Most ambient noise is vertically polarized.

Doesn't really matter much. He's picking it up on the outer
shield of his coax.




This is the reason why television is horizontally polarized.

So? We are not really talking about noise that is received
from the antenna itself. We are talking more about house noise
that is picked up on the outer shield of the coax, which then
pipes it right back to the receiver on the inner side of the
shield. You can have this problem with any antenna, horizontal
or vertically polarized. It is due to poor decoupling.




Use a poly phaser and ground to dc.

Huh? When did lightning protection become an issue?
Besides moving the antenna, there is little one can do to
negate noise that is actually picked up by the antenna itself.
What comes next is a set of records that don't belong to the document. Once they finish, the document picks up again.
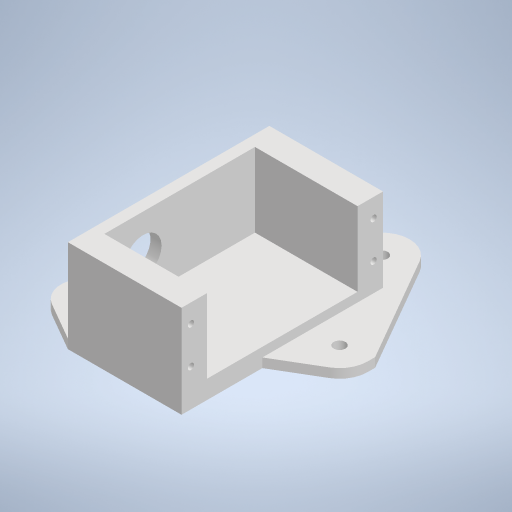
# Autodesk Inventor part: upper_arm_base
Saved by Autodesk Inventor 2024.1 (Build 281209000, 209)
## iProperties
Created: 2025-03-03
Part Number: upper_arm_base
Material: 一般
Document SubType Name: Modeling
Designer: hibik
Density: 1 g/cm^3
Appearance: 既定
Author: hibik
Autodesk Inventor part; units mm, degrees
ref_plane "XZ Plane" through (0, 0, 0) normal (0, 1, 0) x (-1, 0, 0)
ref_plane "XY Plane" through (0, 0, 0) normal (0, 0, 1) x (1, 0, 0)
ref_plane "作業平面1" through (7.8, 0, 0) normal (1, 0, 0) x (0, 1, 0)
sketch "スケッチ1" plane through (7.8, 0, 0) normal (1, 0, 0) x (0, 1, 0)
  line L0 (0, 27.3) -> (-20.1, 27.3)
  line L1 (-20.1, 27.3) -> (-20.1, 20.4)
  line L2 (-20.1, 20.4) -> (0, 20.4)
  line L3 (0, 20.4) -> (0, 27.3)
  line L4 (0, -20.4) -> (-20.1, -20.4)
  line L5 (-20.1, -20.4) -> (-20.1, -27.3)
  line L6 (-20.1, -27.3) -> (0, -27.3)
  line L7 (0, -27.3) -> (0, -20.4)
  line L8 (0, -38.22) -> (0, 38.22) projected
  line L9 (-24.12, 0) -> (4.02, 0) projected
  point P0 (0, 0)
  dimension "d1" = 40.8
  dimension "d3" = 20.1
  dimension "d13" = 6.9
  constraints: 16 end point, 4 parallel, 3 collinear, 2 horizontal, 2 perpendicular, 1 point on line, 1 other
  measures "d1" distance between parallel lines of L4 L2
  measures "d3" distance of L5.end L6.end
  measures "d13" distance of L2.end L0.start
extrude "押し出し1" add sketch "スケッチ1" against normal blind 27.8
sketch "スケッチ2" plane through (-20, 0, 0) normal (-1, 0, 0) x (0, 0, 1)
  line L0 (27.3, 0) -> (27.3, -20.1) projected
  line L1 (-27.3, -20.1) -> (-20.4, -20.1) projected
  line L2 (27.3, 0) -> (-27.3, 0)
  line L3 (-27.3, 0) -> (-27.3, -20.1)
  line L4 (-27.3, -20.1) -> (27.3, -20.1)
  line L5 (27.3, -20.1) -> (27.3, 0)
  point P0 (0, 0)
  constraints: 8 end point, 2 parallel, 1 horizontal, 1 perpendicular
extrude "押し出し2" add sketch "スケッチ2" along normal blind 3
sketch "スケッチ3" plane through (-23, 0, 0) normal (-1, 0, 0) x (0, 0, 1)
  circle A0 centre (9.9, -10.5) radius 5
  line L0 (27.3, 0) -> (-27.3, 0) projected
  line L1 (20.4, 0) -> (20.4, -20.1) projected
  point P0 (0, 0)
  dimension "d8" = 10
  dimension "d9" = 10.5
  dimension "d10" = 10.5
  constraints: 1 centre point
  measures "d8" diameter of A0
  measures "d9" distance from line of L0 A0.centre
  measures "d10" distance from line of L1 A0.centre
extrude "押し出し3" cut sketch "スケッチ3" against normal through all
sketch "スケッチ4" plane through (7.8, -20.1, -27.3) normal (0, -1, 0) x (1, 0, 0)
  line L0 (-7.8, -29.6912) -> (-7.8, 75.8281) construction
  line L1 (-36.96, 27.3) -> (6.16, 27.3) construction
  line L2 (-27.8, 42.2) -> (-27.8, 32.2) projected
  line L3 (-72.2412, 37.2) -> (44.4145, 37.2) construction
  line L4 (-59.5017, 67.05) -> (43.9017, 67.05)
  line L5 (43.9017, 67.05) -> (-7.8, -22.5)
  line L6 (-7.8, -22.5) -> (-59.5017, 67.05)
  line L7 (-59.5017, 67.05) -> (18.0509, 22.275) construction
  line L8 (43.9017, 67.05) -> (-33.6509, 22.275) construction
  line L9 (-30.8, 0) -> (-30.8, 54.6) projected
  line L10 (0, 0) -> (-30.8, 0) projected
  circle A0 centre (-7.8, -7.5) radius 7.5
  circle A1 centre (-7.8, -7.5) radius 1.6
  line L11 (0, 47.7) -> (-27.8, 47.7) projected
  line L12 (0, 6.9) -> (0, 0) projected
  line L13 (0, 54.6) -> (0, 47.7) projected
  line L14 (0, 54.6) -> (-30.8, 54.6) projected
  line L15 (15.2, 54.6) -> (15.2, 17.3372)
  line L16 (0, 54.6) -> (15.2, 54.6)
  circle A2 centre (-37.6196, 42.7882) radius 6.8196
  circle A3 centre (22.0196, 42.7882) radius 6.8196
  circle A4 centre (-37.6196, 42.7882) radius 1.6
  circle A5 centre (22.0196, 42.7882) radius 1.6
  line L17 (15.2, 54.6) -> (31.3353, 45.2843)
  line L18 (-30.8, 54.6) -> (-47.2104, 45.1254)
  circle A6 centre (7.6, 19.3736) radius 7.6
  line L19 (0, 47.7) -> (0, 54.6) projected
  circle A7 centre (7.6, 19.3736) radius 1.6
  line L20 (0, 54.6) -> (0, 32.6967)
  line L21 (11.4682, 25.9155) -> (0, 32.6967)
  point P0 (-7.8, 27.3)
  point P1 (-27.8, 37.2)
  point P2 (-7.8, 67.05)
  point P3 (-7.8, 37.2)
  point P4 (-7.8, 47.7)
  point P5 (-30.8, 17.3372)
  point P6 (-20.7904, 0)
  point P7 (-14.2952, -11.25)
  point P8 (-1.3048, -11.25)
  point P9 (0, 4.51)
  point P10 (-2.6038, 0)
  point P11 (-7.8, 0)
  point P12 (27.9255, 39.3784)
  point P13 (-43.5255, 39.3784)
  point P14 (15.2, 42.7882)
  point P15 (-30.8, 42.7882)
  point P16 (25.4294, 48.6941)
  point P17 (-41.0294, 48.6941)
  point P18 (15.2, 19.3736)
  dimension "d18" = 3.2
  dimension "d21" = 15
  constraints: 25 end point, 12 point on line, 8 tangent, 7 centre point, 4 coincident, 4 midpoint, 4 perpendicular, 3 equal radius, 3 horizontal, 2 equal length, 2 vertical, 6 other
  measures "d18" diameter of A1
  measures "d21" diameter of A0
extrude "押し出し4" add sketch "スケッチ4" along normal blind 5 contours A2 L9 L6 | A2 | L18 L9 A2 | L9 L14 L13 L20 L21 A6 L5 A0 L10 L6 | L6 L10 L9 | L5 A6 L15 | L10 A0 L6 | A6 | A0
sketch "スケッチ5" plane through (7.8, -20.1, -27.3) normal (0, 1, 0) x (1, 0, 0)
  line L0 (0, 0) -> (-20.7904, 0) projected
  line L1 (0, -6.9) -> (0, 0) projected
  line L2 (0, -6.9) -> (-27.8, -6.9) projected
  line L3 (-27.8, -6.9) -> (-27.8, -47.7) projected
  line L4 (0, -47.7) -> (-27.8, -47.7) projected
  line L5 (-1.3048, 11.25) -> (15.2, -17.3372) projected
  arc A0 (-1.3048, 11.25) -> (-14.2952, 11.25) centre (-7.8, 7.5) ccw projected
  line L6 (-20.7904, 0) -> (-14.2952, 11.25) projected
  circle A1 centre (7.6, -19.3736) radius 1.6 projected
  circle A2 centre (-7.8, 7.5) radius 1.6 projected
  line L7 (0, -47.7) -> (-27.8, -47.7)
  line L8 (-27.8, -47.7) -> (-27.8, -6.9)
  line L9 (-27.8, -6.9) -> (0, -6.9)
  line L10 (0, -6.9) -> (0, -47.7)
  line L11 (-30.8, -17.3372) -> (-30.8, -54.6) projected
  line L12 (-43.5255, -39.3784) -> (-30.8, -17.3372) projected
  arc A3 (-43.5255, -39.3784) -> (-41.0294, -48.6941) centre (-37.6196, -42.7882) ccw projected
  line L13 (-30.8, -54.6) -> (-41.0294, -48.6941) projected
  circle A4 centre (-37.6196, -42.7882) radius 1.6 projected
  line L14 (0, -32.6967) -> (0, -47.7) projected
  line L15 (11.4682, -25.9155) -> (0, -32.6967) projected
  arc A5 (11.4682, -25.9155) -> (15.2, -19.3736) centre (7.6, -19.3736) ccw projected
  line L16 (15.2, -17.3372) -> (15.2, -19.3736) projected
  point P0 (-7.8, -27.3)
  constraints: 8 end point, 2 parallel, 1 horizontal, 1 perpendicular
extrude "押し出し5" cut sketch "スケッチ5" against normal blind 2.5 contours L0 L6 A0 L5 L16 A5 L15 L10 L1 | L11 L13 A3 L12
sketch "スケッチ6" plane through (7.8, -22.6, -27.3) normal (0, 1, 0) x (1, 0, 0)
  point P0 (-7.8, -27.3)
sketch "スケッチ7" plane through (7.8, 0, 0) normal (1, 0, 0) x (0, 0, -1)
  arc A0 (-26.6208, -6.3) -> (-26.6208, -3.8) centre (-24.75, -5.05) ccw projected
  arc A1 (-26.6208, -16.3) -> (-26.6208, -13.8) centre (-24.75, -15.05) ccw projected
  arc A2 (26.6208, -3.8) -> (26.6208, -6.3) centre (24.75, -5.05) ccw projected
  arc A3 (26.6208, -13.8) -> (26.6208, -16.3) centre (24.75, -15.05) ccw projected
  circle A4 centre (-24.75, -5.05) radius 0.85
  circle A5 centre (-24.75, -15.05) radius 0.85
  circle A6 centre (24.75, -5.05) radius 0.85
  circle A7 centre (24.75, -15.05) radius 0.85
  point P0 (0, 0)
  dimension "d25" = 1.7
  constraints: 4 centre point, 3 coincident, 3 equal radius, 1 concentric
  measures "d25" diameter of A4
extrude "押し出し6" cut sketch "スケッチ7" against normal through all

The main reason I even talk of all this is to refute the claim
that the folded driven elements receive less noise than a
regular dipole driven element. It's not the type of element.
It's the decoupling differences between the antennas, and it
was pretty much verified when he added beads to the feed line,
and the noise was reduced.

Noise is RF same as any other signal. It follows all the same
rules. If an antenna element actually received less noise than
another, it would receive less intentional RF also.
But I'd be willing to bet he notices no lack of performance
for it's number of elements and boom length when listening to
other hams.

On Monday, November 18, 2013 12:44:51 AM UTC-6, wrote:

But I'd be willing to bet he notices no lack of performance

for it's number of elements and boom length when listening to

other hams.

One other note though... If he is showing signs of a decoupling
problem when receiving, that means conditions are ripe for mayhem
when transmitting. He may well have skewing of his pattern.
It can skew upwards off the horizon, and you will see less gain
at the lower angles you want, and it could probably skew the
pattern as far as the heading in some cases.
So improving the decoupling will help greatly both transmitting
and receiving.
With the old Ringo Ranger verticals, the difference between
the original antenna with no decoupling, and the Ringo Ranger 2,
which had a lower decoupling section, was several S units when
tested on local signals at my QTH. Of course, the amount of
skewing can be all over the map depending on the length of the
un-decoupled feed line.
The difference in performance is reciprocal between transmit
and receive. IE: if I saw 3 db less signal on a particular
station with no decoupling vs decoupled, they would see the same
3 db less signal from me on their receiver.